Is this contrary to the intent of the IRC?


----------



## jdfruit

May be possible. To maintain IRC applicable each building to be a dwelling must be no more than 2 dwelling units and be detached. Similar to townhouse, if each duplex is structurally independent, then two buildings and still dwelling for IRC. Structurally independent would mean the "2 hr" fire wall will be 2 walls, each on separate foundation.

Interesting proposition, are you dealing with code approval as AHJ, trying to push edge of envelope as designer, or testing opinions from peers?


----------



## mtlogcabin

Simple answer

NO

 The IRC does not give you a prescriptive method for creating separate buildings except for townhouses and you cannot stack townhouses


----------



## mtlogcabin

It is important to understand that the IRC contains coverage for what is conventional and common in residential construction practice.

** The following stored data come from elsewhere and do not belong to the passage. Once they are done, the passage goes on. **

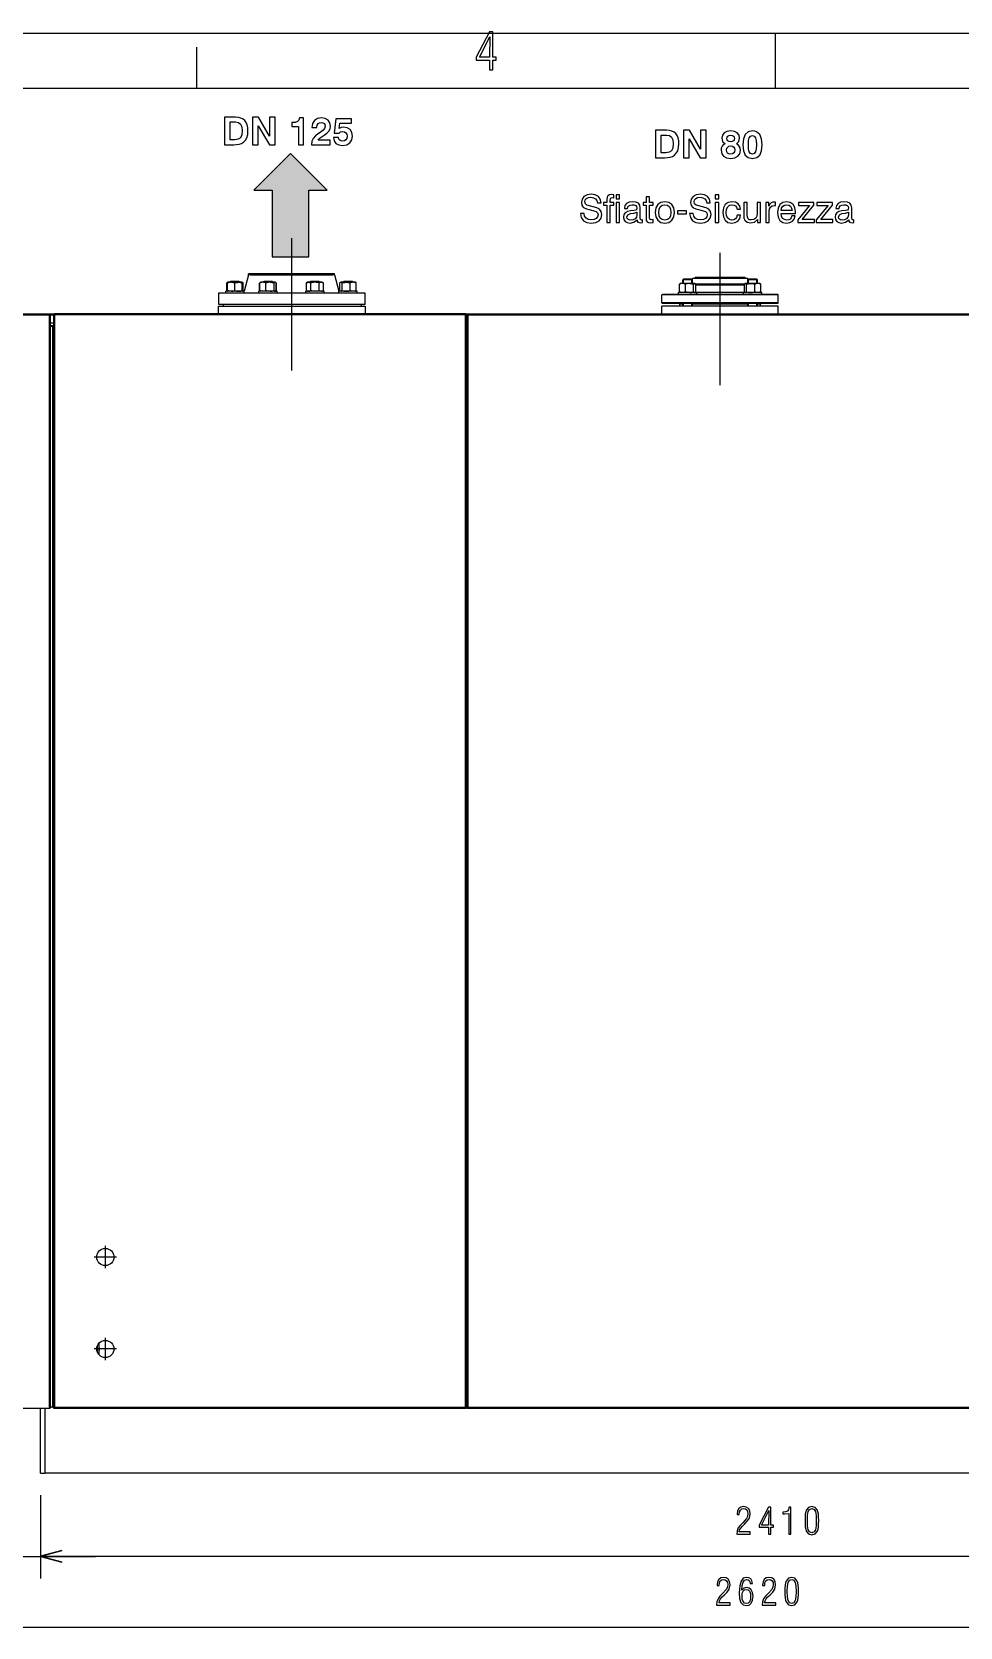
# Model space of a CAD drawing. Extents: x 0 to 420, y 0 to 297.
# Drawn here: x 142.5 to 226.7, y 152.5 to 297.1 of the extents above; entities that cross this region are included whole.
import ezdxf

# ---------------------------------------------------------------- set-up
doc = ezdxf.new("R2010")
doc.units = 0
doc.linetypes.add('DASHDOT', pattern=[18.5, 12, -3, 0.5, -3])
doc.layers.get('0').update_dxf_attribs({"linetype": 'CONTINUOUS'})

msp = doc.modelspace()

# ---------------------------------------------------------------- linework, layer by layer
at = {"color": 7}
for p, q in [((0, 297), (420, 297)), ((210, 292), (210, 297)), ((157.5, 292), (157.5, 295.75)), ((415, 292), (5, 292)), ((166.000824, 286.088745), (162.672043, 282.759949)), ((169.32959, 282.759949), (166.000824, 286.088745)), ((162.672043, 282.759949), (164.336426, 282.759979)), ((164.336426, 282.759979), (164.336426, 276.726013)), ((167.665192, 282.759979), (169.32959, 282.759949)), ((167.665192, 276.726013), (167.665192, 282.759979)), ((164.336426, 276.726013), (167.665192, 276.726013)), ((162.195511, 275.097504), (161.785065, 273.597504)), ((167.948837, 275.180817), (162.195511, 275.180817)), ((162.195511, 275.097504), (162.195511, 275.180817)), ((167.948837, 275.097504), (162.195511, 275.097504)), ((167.88092, 275.072784), (162.337158, 275.072784)), ((169.831665, 275.072784), (167.88092, 275.072784)), ((169.973297, 275.180817), (167.948837, 275.180817)), ((169.973297, 275.097504), (167.948837, 275.097504)), ((169.973297, 275.097504), (169.973297, 275.180817)), ((169.973297, 275.097504), (170.383728, 273.597504)), ((172.781036, 273.43457), (159.447708, 273.43457)), ((159.447708, 273.43457), (159.447708, 272.42804)), ((160.951736, 273.597504), (160.118408, 273.597504)), ((160.118408, 273.430817), (160.118408, 273.597504)), ((160.951736, 273.430817), (160.118408, 273.430817)), ((160.20816, 273.65799), (160.20816, 274.359222)), ((160.286743, 274.419708), (160.261536, 274.405151)), ((160.285065, 273.59845), (160.261536, 273.612061)), ((160.286743, 274.419708), (160.285065, 274.418762)), ((160.285065, 274.359222), (160.285065, 274.418762)), ((160.285065, 273.65799), (160.285065, 274.359222)), ((160.285065, 273.59845), (160.285065, 273.65799)), ((160.286743, 273.597504), (160.285065, 273.59845)), ((160.632919, 274.419708), (160.286743, 274.419708)), ((160.632919, 273.597504), (160.286743, 273.597504)), ((160.562851, 274.486389), (160.507294, 274.430817)), ((160.507294, 274.430817), (160.562851, 274.486389)), ((160.507294, 274.419708), (160.507294, 274.430817)), ((161.396179, 274.430817), (160.507294, 274.430817)), ((161.340637, 274.486389), (160.562851, 274.486389)), ((160.567444, 274.419708), (160.567444, 274.430817)), ((161.616745, 274.419708), (160.632919, 274.419708)), ((161.616745, 273.597504), (160.632919, 273.597504)), ((160.951736, 273.65799), (160.951736, 274.359222)), ((161.785065, 273.597504), (160.951736, 273.597504)), ((161.336044, 274.419708), (161.336044, 274.430817)), ((161.340637, 274.486389), (161.396179, 274.430817)), ((161.396179, 274.430817), (161.340637, 274.486389)), ((161.396179, 274.419708), (161.396179, 274.430817)), ((161.396179, 274.419708), (161.396179, 274.430817)), ((161.616745, 274.419708), (161.641953, 274.405151)), ((161.616745, 274.419708), (161.618408, 274.418762)), ((161.616745, 273.597504), (161.618408, 273.59845)), ((161.618408, 274.359222), (161.618408, 274.418762)), ((161.618408, 273.65799), (161.618408, 274.359222)), ((161.618408, 273.59845), (161.618408, 273.65799)), ((161.618408, 273.59845), (161.641953, 273.612061)), ((161.695313, 273.65799), (161.695313, 274.359222)), ((161.785065, 273.430817), (161.785065, 273.597504)), ((161.785065, 273.430817), (161.785065, 273.597504)), ((164.547638, 273.597504), (163.125061, 273.597504)), ((163.125061, 273.430817), (163.125061, 273.597504)), ((163.188583, 273.65799), (163.188583, 274.347504)), ((163.268188, 273.61203), (163.188583, 273.65799)), ((163.214813, 273.65799), (163.214813, 274.359222)), ((163.293381, 274.419708), (163.268188, 274.405182)), ((163.293381, 273.597504), (163.268188, 273.61203)), ((164.145599, 274.419708), (163.293381, 274.419708)), ((164.145599, 273.597504), (163.293381, 273.597504)), ((163.569489, 274.486389), (163.513947, 274.430817)), ((163.644104, 274.430817), (163.513947, 274.430817)), ((163.513947, 274.419708), (163.513947, 274.430817)), ((163.683395, 274.486389), (163.569489, 274.486389)), ((163.574081, 274.419708), (163.574081, 274.430817)), ((164.402832, 274.430817), (163.644104, 274.430817)), ((164.347275, 274.486389), (163.683395, 274.486389)), ((163.759155, 273.65799), (163.759155, 274.359222)), ((164.623383, 274.419708), (164.145599, 274.419708)), ((164.623383, 273.597504), (164.145599, 273.597504)), ((164.342682, 274.419708), (164.342682, 274.430817)), ((164.347275, 274.486389), (164.402832, 274.430817)), ((164.402832, 274.419708), (164.402832, 274.430817)), ((164.502716, 273.65799), (164.502716, 274.359222)), ((164.791718, 273.597504), (164.547638, 273.597504)), ((164.623383, 274.419708), (164.64856, 274.405182)), ((164.623383, 273.597504), (164.64856, 273.61203)), ((164.648834, 273.612183), (164.72818, 273.65799)), ((164.701965, 273.65799), (164.701965, 274.359222)), ((164.72818, 273.65799), (164.72818, 274.347504)), ((164.791718, 273.430817), (164.791718, 273.597504)), ((164.791718, 273.430817), (164.791718, 273.597504)), ((167.377075, 273.430817), (167.377075, 273.597504)), ((169.043762, 273.597504), (167.377075, 273.597504)), ((167.54541, 274.419708), (167.440613, 274.359222)), ((167.440613, 273.65799), (167.440613, 274.359222)), ((167.54541, 273.597504), (167.440613, 273.65799)), ((168.794006, 274.419708), (167.54541, 274.419708)), ((167.821533, 274.486389), (167.765976, 274.430817)), ((168.210419, 274.430817), (167.765976, 274.430817)), ((167.765976, 274.419708), (167.765976, 274.430817)), ((168.210419, 274.486389), (167.821533, 274.486389)), ((167.825516, 273.65799), (167.825516, 274.359222)), ((167.826111, 274.419708), (167.826111, 274.430817)), ((168.599304, 274.486389), (168.210419, 274.486389)), ((168.654861, 274.430817), (168.210419, 274.430817)), ((168.594727, 274.419708), (168.594727, 274.430817)), ((168.595322, 273.65799), (168.595322, 274.359222)), ((168.599304, 274.486389), (168.654861, 274.430817)), ((168.654861, 274.419708), (168.654861, 274.430817)), ((168.875427, 274.419708), (168.794006, 274.419708)), ((168.875427, 274.419708), (168.980225, 274.359222)), ((168.875427, 273.597504), (168.980225, 273.65799)), ((168.980225, 273.65799), (168.980225, 274.359222)), ((169.043762, 273.430817), (169.043762, 273.597504)), ((169.043762, 273.430817), (169.043762, 273.597504)), ((170.627808, 273.597504), (170.383728, 273.597504)), ((170.383728, 273.430817), (170.383728, 273.597504)), ((170.473495, 273.65799), (170.473495, 274.359222)), ((170.552063, 274.419708), (170.526855, 274.405151)), ((170.552063, 273.597504), (170.526855, 273.612061)), ((170.552063, 274.419708), (170.5504, 274.418762)), ((170.578964, 274.419708), (170.552063, 274.419708)), ((170.578964, 273.597504), (170.552063, 273.597504)), ((171.88208, 274.419708), (170.578964, 274.419708)), ((171.88208, 273.597504), (170.578964, 273.597504)), ((172.0504, 273.597504), (170.627808, 273.597504)), ((170.672729, 273.65799), (170.672729, 274.359222)), ((170.772614, 274.430817), (170.828186, 274.486389)), ((170.828186, 274.486389), (170.772614, 274.430817)), ((171.531342, 274.430817), (170.772614, 274.430817)), ((170.772614, 274.419708), (170.772614, 274.430817)), ((171.49205, 274.486389), (170.828186, 274.486389)), ((170.832764, 274.419708), (170.832764, 274.430817)), ((171.416306, 273.65799), (171.416306, 274.359222)), ((171.605957, 274.486389), (171.49205, 274.486389)), ((171.661499, 274.430817), (171.531342, 274.430817)), ((171.601379, 274.419708), (171.601379, 274.430817)), ((171.661499, 274.430817), (171.605957, 274.486389)), ((171.605957, 274.486389), (171.661499, 274.430817)), ((171.661499, 274.419708), (171.661499, 274.430817)), ((171.661499, 274.419708), (171.661499, 274.430817)), ((171.88208, 274.419708), (171.907288, 274.405151)), ((171.88208, 274.419708), (171.883728, 274.418762)), ((171.88208, 273.597504), (171.907288, 273.612061)), ((171.960632, 273.65799), (171.960632, 274.359222)), ((172.0504, 273.430817), (172.0504, 273.597504)), ((172.0504, 273.430817), (172.0504, 273.597504)), ((172.781036, 272.42804), (172.781036, 273.43457)), ((202.616272, 273.486389), (201.19368, 273.486389)), ((201.19368, 273.319733), (201.19368, 273.486389)), ((201.283447, 273.546875), (201.283447, 274.248108)), ((201.362015, 274.308594), (201.336792, 274.294067)), ((201.336792, 274.294067), (201.338882, 274.295227)), ((201.362015, 274.308594), (201.336823, 274.294067)), ((201.362015, 273.486389), (201.336823, 273.500916)), ((202.214233, 274.308594), (201.362015, 274.308594)), ((202.214233, 273.486389), (201.362015, 273.486389)), ((201.582565, 274.653046), (201.638123, 274.708618)), ((201.638123, 274.708618), (201.582565, 274.653046)), ((202.027008, 274.653046), (201.582565, 274.653046)), ((201.582565, 274.308594), (201.582565, 274.653046)), ((202.027008, 274.708618), (201.638123, 274.708618)), ((201.6427, 274.308594), (201.6427, 274.653046)), ((201.827774, 273.546875), (201.827774, 274.248108)), ((202.415909, 274.708618), (202.027008, 274.708618)), ((202.471466, 274.653046), (202.027008, 274.653046)), ((202.692017, 274.308594), (202.214233, 274.308594)), ((202.692017, 273.486389), (202.214233, 273.486389)), ((202.411316, 274.308594), (202.411316, 274.653046)), ((202.471466, 274.653046), (202.415909, 274.708618)), ((202.415909, 274.708618), (202.471466, 274.653046)), ((202.471466, 274.308594), (202.471466, 274.653046)), ((202.471466, 274.308594), (202.471466, 274.653046)), ((206.17186, 274.76416), (202.473297, 274.76416)), ((202.473297, 274.308594), (202.473297, 274.76416)), ((202.571335, 273.546875), (202.571335, 274.248108)), ((202.860352, 273.486389), (202.616272, 273.486389)), ((202.692017, 274.308594), (202.717194, 274.294067)), ((202.692017, 273.486389), (202.717194, 273.500916)), ((206.065308, 274.847504), (202.695511, 274.847504)), ((202.695511, 274.76416), (202.695511, 274.847504)), ((206.065308, 274.76416), (202.695511, 274.76416)), ((206.295074, 273.502502), (202.719772, 273.502502)), ((206.17186, 274.257599), (202.761749, 274.257599)), ((202.770584, 273.546875), (202.770584, 274.248108)), ((206.179886, 274.162567), (202.770584, 274.162567)), ((202.860352, 273.319733), (202.860352, 273.486389)), ((207.251068, 274.847504), (206.065308, 274.847504)), ((207.251068, 274.76416), (206.065308, 274.76416)), ((207.473297, 274.76416), (206.17186, 274.76416)), ((207.184845, 274.257599), (206.17186, 274.257599)), ((207.175995, 274.162567), (206.179886, 274.162567)), ((207.226685, 273.502502), (206.295074, 273.502502)), ((207.330307, 273.486389), (207.086243, 273.486389)), ((207.086243, 273.319733), (207.086243, 273.486389)), ((207.175995, 273.546875), (207.175995, 274.248108)), ((207.193802, 274.76416), (207.194016, 274.76416)), ((207.254562, 274.308594), (207.229355, 274.294067)), ((207.254562, 273.486389), (207.229355, 273.500946)), ((207.251068, 274.76416), (207.251068, 274.847504)), ((207.281464, 274.308594), (207.254562, 274.308594)), ((207.281464, 273.486389), (207.254562, 273.486389)), ((208.584579, 274.308594), (207.281464, 274.308594)), ((208.584579, 273.486389), (207.281464, 273.486389)), ((208.752899, 273.486389), (207.330307, 273.486389)), ((207.375244, 273.546875), (207.375244, 274.248108)), ((207.473297, 274.308594), (207.473297, 274.76416)), ((207.530685, 274.708618), (207.475128, 274.653046)), ((207.475128, 274.653046), (207.530685, 274.708618)), ((207.475128, 274.308594), (207.475128, 274.653046)), ((208.364014, 274.653046), (207.475128, 274.653046)), ((208.308456, 274.708618), (207.530685, 274.708618)), ((207.535263, 274.308594), (207.535263, 274.653046)), ((208.118805, 273.546875), (208.118805, 274.248108)), ((208.303879, 274.308594), (208.303879, 274.653046)), ((208.308456, 274.708618), (208.364014, 274.653046)), ((208.364014, 274.653046), (208.308456, 274.708618)), ((208.364014, 274.308594), (208.364014, 274.653046)), ((208.364014, 274.308594), (208.364014, 274.653046)), ((208.584579, 274.308594), (208.609756, 274.294067)), ((208.584579, 274.308594), (208.609787, 274.294067)), ((208.584579, 273.486389), (208.609787, 273.500946)), ((208.604477, 274.296967), (208.609756, 274.294067)), ((208.663147, 273.546875), (208.663147, 274.248108)), ((208.752899, 273.319733), (208.752899, 273.486389)), ((208.752899, 273.319733), (208.752899, 273.486389)), ((159.417725, 272.26416), (159.417725, 271.541931)), ((159.447708, 272.42804), (172.781036, 272.42804)), ((159.447708, 272.26416), (172.781036, 272.26416)), ((159.891998, 272.42804), (159.891998, 272.26416)), ((172.416199, 272.42804), (172.416199, 272.26416)), ((172.781036, 272.26416), (172.781036, 271.541931)), ((199.751068, 273.319733), (199.695511, 273.26416)), ((207.503586, 273.26416), (199.695511, 273.26416)), ((199.695511, 272.541931), (199.695511, 273.26416)), ((207.503586, 272.541931), (199.695511, 272.541931)), ((199.751068, 272.486389), (199.695511, 272.541931)), ((210.251068, 272.26416), (199.695511, 272.26416)), ((199.695511, 271.541931), (199.695511, 272.26416)), ((207.476959, 273.319733), (199.751068, 273.319733)), ((207.476959, 272.486389), (199.751068, 272.486389)), ((202.616272, 273.319733), (201.19368, 273.319733)), ((201.306625, 272.26416), (201.306625, 272.430817)), ((201.582565, 272.430817), (201.306625, 272.430817)), ((201.582565, 272.430817), (201.306625, 272.430817)), ((201.582565, 272.26416), (201.306625, 272.26416)), ((201.582565, 272.26416), (201.582565, 272.486389)), ((201.6427, 272.26416), (201.6427, 272.486389)), ((202.411316, 272.26416), (202.411316, 272.486389)), ((202.471466, 272.26416), (202.471466, 272.486389)), ((207.475128, 272.430817), (202.471466, 272.430817)), ((206.731186, 272.430817), (202.471466, 272.430817)), ((207.475128, 272.26416), (202.471466, 272.26416)), ((202.860352, 273.319733), (202.616272, 273.319733)), ((207.475128, 272.430817), (206.731186, 272.430817)), ((207.330307, 273.319733), (207.086243, 273.319733)), ((208.752899, 273.319733), (207.330307, 273.319733)), ((207.475128, 272.26416), (207.475128, 272.486389)), ((210.195511, 273.319733), (207.476959, 273.319733)), ((210.195511, 272.486389), (207.476959, 272.486389)), ((210.251068, 273.26416), (207.503586, 273.26416)), ((210.251068, 272.541931), (207.503586, 272.541931)), ((207.535263, 272.26416), (207.535263, 272.486389)), ((208.303879, 272.26416), (208.303879, 272.486389)), ((208.364014, 272.26416), (208.364014, 272.486389)), ((208.639954, 272.430817), (208.364014, 272.430817)), ((208.639954, 272.430817), (208.364014, 272.430817)), ((208.639954, 272.26416), (208.364014, 272.26416)), ((208.639954, 272.26416), (208.639954, 272.430817)), ((210.195511, 273.319733), (210.251068, 273.26416)), ((210.195511, 272.486389), (210.251068, 272.541931)), ((210.251068, 272.541931), (210.251068, 273.26416)), ((210.251068, 271.541931), (210.251068, 272.26416)), ((135.751068, 271.541931), (144.117737, 271.541931)), ((135.795517, 271.453064), (144.117737, 271.453064)), ((144.117737, 271.541931), (144.573303, 271.541931)), ((144.117737, 271.453064), (144.117737, 271.541931)), ((144.16217, 271.453064), (144.117737, 271.453064)), ((144.117737, 172.397491), (144.117737, 271.453064)), ((144.16217, 271.453064), (144.153763, 271.479065)), ((144.16217, 271.449341), (144.16217, 271.453064)), ((144.16217, 271.453064), (144.206619, 271.453064)), ((144.206619, 271.453064), (144.484406, 271.453064)), ((144.206619, 270.76416), (144.206619, 271.453064)), ((144.206619, 172.353058), (144.206619, 271.441956)), ((144.206619, 270.753052), (144.484406, 270.753052)), ((144.306625, 270.708618), (144.306625, 270.753052)), ((144.484406, 270.708618), (144.306625, 270.708618)), ((144.484406, 271.453064), (144.573303, 271.453064)), ((144.484406, 271.453064), (144.484406, 172.397491)), ((144.528839, 271.453064), (144.484406, 271.453064)), ((144.528839, 271.453064), (144.537262, 271.479095)), ((144.573303, 271.453064), (144.528839, 271.453064)), ((144.572998, 271.541931), (144.573303, 271.541931)), ((181.884399, 271.541931), (144.573303, 271.541931)), ((144.573303, 271.453064), (144.573303, 271.541931)), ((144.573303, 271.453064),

While the IRC will provide all of the needed coverage for most residential construction, it might not address construction practices and systems that are atypical or rarely encountered in the industry.

Why not just use the IBC?


----------



## Francis Vineyard

Where AHJ have deleted the IRC requirement for sprinklers it may beneficial.

We have allowed this as an "Attached Two-Family Dwelling".  The provisions for accessibility may apply in accordance with Section R320 depending on the arrangment of dwelling units.


----------



## steveray

mtlogcabin said:
			
		

> Why not just use the IBC?


Sprinklers..


----------



## retire09

The state has amended out the sprinkler requirement so the old two hour fire wall requirement is back in play.

I know this is unusual; but if I can build a duplex up to a property line with a one hour wall and do the same on the next lot under the IRC. Why would two duplexes on the same lot with a 2 hour fire wall between them be treated any differently? A townhouse is an R-3 and so is a duplex and both by definition are dwellings. The state only requires a plan review on buildings with 4 dwellings or more. If the fire wall application is allowed, it will save plan review fees and maybe the cost of an architect for design.

The code using either the IBC or the IRC will both require the same 2 hour fire wall. The question is: do you have two duplexes (one on either side of a fire wall which creates separate buildings) under IRC or do you have a fourplex (4 dwellings in one building) under IBC?


----------



## retire09

Even if you review it all under the IBC; is it a four-plex or two duplexes?


----------



## mtlogcabin

The IRC does not recognize a two-hour wall except for a townhouse

You are trying to build two duplexes with zero lot line setback. R302.1 would require one-hour ASTM E 119 or UL 263 walls with exposure from both sides for each unit.

DWELLING. Any building that contains one or two dwelling units used, intended, or designed to be built, used, rented, leased, let or hired out to be occupied, or that are occupied for living purposes.

DWELLING UNIT. A single unit providing complete independent living facilities for one or more persons, including permanent provisions for living, sleeping, eating, cooking and sanitation.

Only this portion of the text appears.